SITES is a computer program for the analysis of comparative DNA sequence data. Basic analyses include: data summaries by polymorphism class; polymorphism estimates within and between groups (species); estimates of migration, neutral model, and recombination parameters; and linkage disequilibrium analyses. SITES is primarily intended for data sets with multiple closely related sequences. It is especially useful when multiple sequences have been obtained from each of one or several closely related populations or species.


(2/16/2010) Source code updated 2_16_2010 so it compiles more easily.


HKA is a computer program that carries out the widely used statistical test for natural selection that was developed by Hudson, R. R., M. Kreitman and M. Aguadé (1987 A test of neutral molecular evolution based on nucleotide data. Genetics 116: 153-159).   This program can handle very large numbers of loci and sample sizes, and conducts tests via coalescent simulation as well as by the conventional chi square approximation.   The simulations can also be used to conduct other tests of natural selection, including tests of Tajima's D statistic (1989) and the D statistic of Fu and Li (1993).


WH is a computer program that carries out the fitting of a speciation model, and conducts tests of the quality of fit of that model.  The speciation model is called the Isolation Model, and is one without gene flow.  With comparative DNA sequence data from each of two closely related species, the method allows an estimation of the time since speciation and the size of the ancestral species.  The methods are described in Wakeley and Hey (1997) and Wang, Wakeley and Hey (1997).

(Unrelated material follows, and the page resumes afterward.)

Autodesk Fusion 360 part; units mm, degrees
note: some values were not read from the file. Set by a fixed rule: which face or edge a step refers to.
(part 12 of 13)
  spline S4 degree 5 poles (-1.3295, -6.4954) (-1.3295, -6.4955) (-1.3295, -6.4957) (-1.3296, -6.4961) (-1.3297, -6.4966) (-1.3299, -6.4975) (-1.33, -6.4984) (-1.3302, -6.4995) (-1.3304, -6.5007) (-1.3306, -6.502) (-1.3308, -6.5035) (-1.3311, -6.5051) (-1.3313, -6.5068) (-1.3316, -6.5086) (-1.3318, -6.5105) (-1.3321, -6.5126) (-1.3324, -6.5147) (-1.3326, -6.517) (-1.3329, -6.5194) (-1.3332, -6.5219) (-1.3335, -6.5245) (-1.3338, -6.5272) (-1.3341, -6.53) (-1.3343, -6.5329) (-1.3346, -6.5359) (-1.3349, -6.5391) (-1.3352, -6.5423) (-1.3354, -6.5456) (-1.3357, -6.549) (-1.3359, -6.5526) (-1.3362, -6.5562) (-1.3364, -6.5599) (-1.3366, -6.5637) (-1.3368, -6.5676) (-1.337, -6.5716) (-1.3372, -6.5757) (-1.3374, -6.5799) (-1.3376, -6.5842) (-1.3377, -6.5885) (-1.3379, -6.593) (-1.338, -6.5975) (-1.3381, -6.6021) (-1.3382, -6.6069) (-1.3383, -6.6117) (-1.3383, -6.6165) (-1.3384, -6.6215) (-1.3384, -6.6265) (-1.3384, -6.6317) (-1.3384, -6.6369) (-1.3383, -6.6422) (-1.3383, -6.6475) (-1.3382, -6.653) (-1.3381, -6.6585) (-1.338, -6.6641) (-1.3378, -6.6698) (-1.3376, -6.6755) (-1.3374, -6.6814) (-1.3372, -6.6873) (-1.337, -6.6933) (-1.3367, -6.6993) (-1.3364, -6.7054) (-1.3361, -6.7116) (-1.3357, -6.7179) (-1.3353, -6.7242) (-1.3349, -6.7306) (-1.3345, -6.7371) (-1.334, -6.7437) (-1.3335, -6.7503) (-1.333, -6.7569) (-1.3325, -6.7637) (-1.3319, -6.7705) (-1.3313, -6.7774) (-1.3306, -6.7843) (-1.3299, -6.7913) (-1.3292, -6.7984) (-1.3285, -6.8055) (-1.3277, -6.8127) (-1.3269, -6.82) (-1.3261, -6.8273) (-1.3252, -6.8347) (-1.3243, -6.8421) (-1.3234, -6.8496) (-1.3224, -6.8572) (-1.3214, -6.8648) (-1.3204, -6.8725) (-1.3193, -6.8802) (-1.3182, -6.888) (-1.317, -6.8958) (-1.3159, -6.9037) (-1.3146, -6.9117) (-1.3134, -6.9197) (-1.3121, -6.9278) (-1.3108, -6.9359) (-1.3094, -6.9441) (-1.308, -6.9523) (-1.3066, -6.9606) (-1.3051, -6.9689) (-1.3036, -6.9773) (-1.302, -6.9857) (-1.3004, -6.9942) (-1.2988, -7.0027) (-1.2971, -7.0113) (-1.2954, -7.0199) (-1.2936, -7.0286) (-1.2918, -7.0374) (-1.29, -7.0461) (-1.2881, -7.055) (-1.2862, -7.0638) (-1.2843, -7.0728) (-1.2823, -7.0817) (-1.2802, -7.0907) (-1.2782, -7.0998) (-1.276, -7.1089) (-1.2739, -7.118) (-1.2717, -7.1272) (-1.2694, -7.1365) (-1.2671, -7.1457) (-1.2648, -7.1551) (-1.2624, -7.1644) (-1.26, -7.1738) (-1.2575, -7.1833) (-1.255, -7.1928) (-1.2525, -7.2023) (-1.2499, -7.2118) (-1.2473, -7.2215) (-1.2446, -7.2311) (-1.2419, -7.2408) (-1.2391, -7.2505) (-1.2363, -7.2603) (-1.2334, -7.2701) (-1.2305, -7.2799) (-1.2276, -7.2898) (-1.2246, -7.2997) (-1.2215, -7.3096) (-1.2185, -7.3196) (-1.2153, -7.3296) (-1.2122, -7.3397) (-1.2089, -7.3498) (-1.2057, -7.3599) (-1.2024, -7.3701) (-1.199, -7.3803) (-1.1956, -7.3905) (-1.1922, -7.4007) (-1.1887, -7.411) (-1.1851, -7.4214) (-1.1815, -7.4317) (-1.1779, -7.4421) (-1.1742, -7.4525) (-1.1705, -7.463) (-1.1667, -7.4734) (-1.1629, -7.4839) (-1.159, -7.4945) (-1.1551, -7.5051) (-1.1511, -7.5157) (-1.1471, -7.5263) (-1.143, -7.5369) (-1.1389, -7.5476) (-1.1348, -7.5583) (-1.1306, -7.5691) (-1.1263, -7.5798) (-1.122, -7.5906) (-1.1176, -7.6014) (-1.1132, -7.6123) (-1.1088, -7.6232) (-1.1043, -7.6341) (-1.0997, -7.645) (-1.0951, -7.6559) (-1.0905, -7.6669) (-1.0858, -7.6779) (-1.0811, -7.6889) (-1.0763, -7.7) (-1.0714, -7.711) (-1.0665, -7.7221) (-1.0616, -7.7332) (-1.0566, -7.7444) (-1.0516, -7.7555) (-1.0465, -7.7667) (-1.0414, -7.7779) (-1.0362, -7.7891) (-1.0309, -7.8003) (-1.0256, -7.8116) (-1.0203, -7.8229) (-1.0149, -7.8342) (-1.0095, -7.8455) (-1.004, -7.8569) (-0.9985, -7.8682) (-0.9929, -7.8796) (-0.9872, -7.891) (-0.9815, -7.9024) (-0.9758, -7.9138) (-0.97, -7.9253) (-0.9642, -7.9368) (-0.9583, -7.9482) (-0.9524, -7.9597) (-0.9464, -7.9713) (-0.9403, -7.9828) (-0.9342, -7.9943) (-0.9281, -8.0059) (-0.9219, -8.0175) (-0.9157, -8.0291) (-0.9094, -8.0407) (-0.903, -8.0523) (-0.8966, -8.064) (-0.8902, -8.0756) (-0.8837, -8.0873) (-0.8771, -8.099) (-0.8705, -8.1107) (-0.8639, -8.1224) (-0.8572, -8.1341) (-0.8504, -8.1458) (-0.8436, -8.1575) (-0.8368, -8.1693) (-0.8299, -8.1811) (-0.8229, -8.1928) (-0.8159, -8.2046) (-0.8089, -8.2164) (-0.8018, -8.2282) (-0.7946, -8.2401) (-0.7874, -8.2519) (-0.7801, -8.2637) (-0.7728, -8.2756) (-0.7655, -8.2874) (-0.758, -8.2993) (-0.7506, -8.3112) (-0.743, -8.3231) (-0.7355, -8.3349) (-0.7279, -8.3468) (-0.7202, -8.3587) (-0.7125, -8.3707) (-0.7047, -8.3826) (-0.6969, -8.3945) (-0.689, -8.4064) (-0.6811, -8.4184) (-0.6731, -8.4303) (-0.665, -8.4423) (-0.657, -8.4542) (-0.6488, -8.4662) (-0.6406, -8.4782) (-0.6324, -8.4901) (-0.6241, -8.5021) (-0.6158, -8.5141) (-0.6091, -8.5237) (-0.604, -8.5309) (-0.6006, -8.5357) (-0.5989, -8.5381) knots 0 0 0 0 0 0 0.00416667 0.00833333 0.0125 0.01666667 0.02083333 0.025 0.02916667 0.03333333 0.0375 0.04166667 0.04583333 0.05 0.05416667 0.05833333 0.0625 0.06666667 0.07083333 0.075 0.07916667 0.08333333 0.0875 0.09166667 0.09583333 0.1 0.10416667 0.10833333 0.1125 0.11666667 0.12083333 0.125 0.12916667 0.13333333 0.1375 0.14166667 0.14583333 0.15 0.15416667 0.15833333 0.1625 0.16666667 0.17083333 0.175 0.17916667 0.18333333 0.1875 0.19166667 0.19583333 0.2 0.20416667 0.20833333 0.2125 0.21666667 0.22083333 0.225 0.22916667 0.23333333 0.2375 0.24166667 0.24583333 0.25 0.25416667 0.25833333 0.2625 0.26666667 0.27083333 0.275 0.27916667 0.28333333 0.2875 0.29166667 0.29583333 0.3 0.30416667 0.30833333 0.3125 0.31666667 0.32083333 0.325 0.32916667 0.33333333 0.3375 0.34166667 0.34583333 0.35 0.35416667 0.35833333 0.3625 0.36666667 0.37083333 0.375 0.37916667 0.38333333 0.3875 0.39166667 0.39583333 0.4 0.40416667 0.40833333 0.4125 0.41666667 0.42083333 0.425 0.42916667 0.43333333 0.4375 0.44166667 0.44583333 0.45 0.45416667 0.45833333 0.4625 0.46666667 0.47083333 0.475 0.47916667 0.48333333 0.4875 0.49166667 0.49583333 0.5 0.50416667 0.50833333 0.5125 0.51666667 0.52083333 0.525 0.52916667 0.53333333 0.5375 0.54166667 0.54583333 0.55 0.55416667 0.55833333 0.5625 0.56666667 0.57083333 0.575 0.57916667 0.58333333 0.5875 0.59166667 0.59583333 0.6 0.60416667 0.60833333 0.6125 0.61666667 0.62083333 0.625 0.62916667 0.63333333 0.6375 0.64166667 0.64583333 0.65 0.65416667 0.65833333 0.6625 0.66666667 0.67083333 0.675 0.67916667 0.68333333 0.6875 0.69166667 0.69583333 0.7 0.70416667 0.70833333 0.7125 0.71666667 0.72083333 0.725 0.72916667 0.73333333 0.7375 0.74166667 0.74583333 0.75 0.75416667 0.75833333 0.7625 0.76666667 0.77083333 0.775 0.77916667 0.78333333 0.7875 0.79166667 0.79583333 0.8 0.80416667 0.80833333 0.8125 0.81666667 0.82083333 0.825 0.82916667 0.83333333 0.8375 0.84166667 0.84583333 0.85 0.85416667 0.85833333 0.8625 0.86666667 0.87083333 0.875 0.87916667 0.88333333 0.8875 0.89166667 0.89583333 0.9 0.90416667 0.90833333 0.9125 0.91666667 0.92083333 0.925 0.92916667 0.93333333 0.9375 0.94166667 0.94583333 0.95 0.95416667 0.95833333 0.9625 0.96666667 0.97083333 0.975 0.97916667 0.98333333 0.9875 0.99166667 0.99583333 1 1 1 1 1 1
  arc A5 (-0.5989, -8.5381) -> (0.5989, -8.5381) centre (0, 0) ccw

FPG (for Forward Population Genetic simulation) simulates a population of constant size that is undergoing various evolutionary processes, including:  mutation, recombination,  natural selection, and migration.   The meaning of "forward" in this context is simply that time, within the simulation, moves forward just as it does in the real world.  This is in contrast to coalescent population genetic simulation in which time, as represented within the simulation, proceeds back into the past.  Coalescent simulations have many advantages, but they are unwieldy if they incorporate natural selection on multiple sites.


FPG is useful for assessing the impact of natural selection on patterns of genetic variation.   It is designed so as to be able to approximate real world situations with fairly large population sizes and high mutation rates over long stretches of DNA.  The mutation model is an infinite sites model, meaning that no site that is segregating in the population can receive another mutation.  The simulation accommodates neutral, beneficial and deleterious mutations under several different fitness models, including additive, multiplicative and epistatic fitness models.   The program generates a wide variety of analyses, including polymorphism levels, heterozygosity (observed and expected), fixation rates, and linkage disequilibrium - all conducted for each of several categories of mutation.  When migration in invoked,  several  analyses regarding population structure are carried out.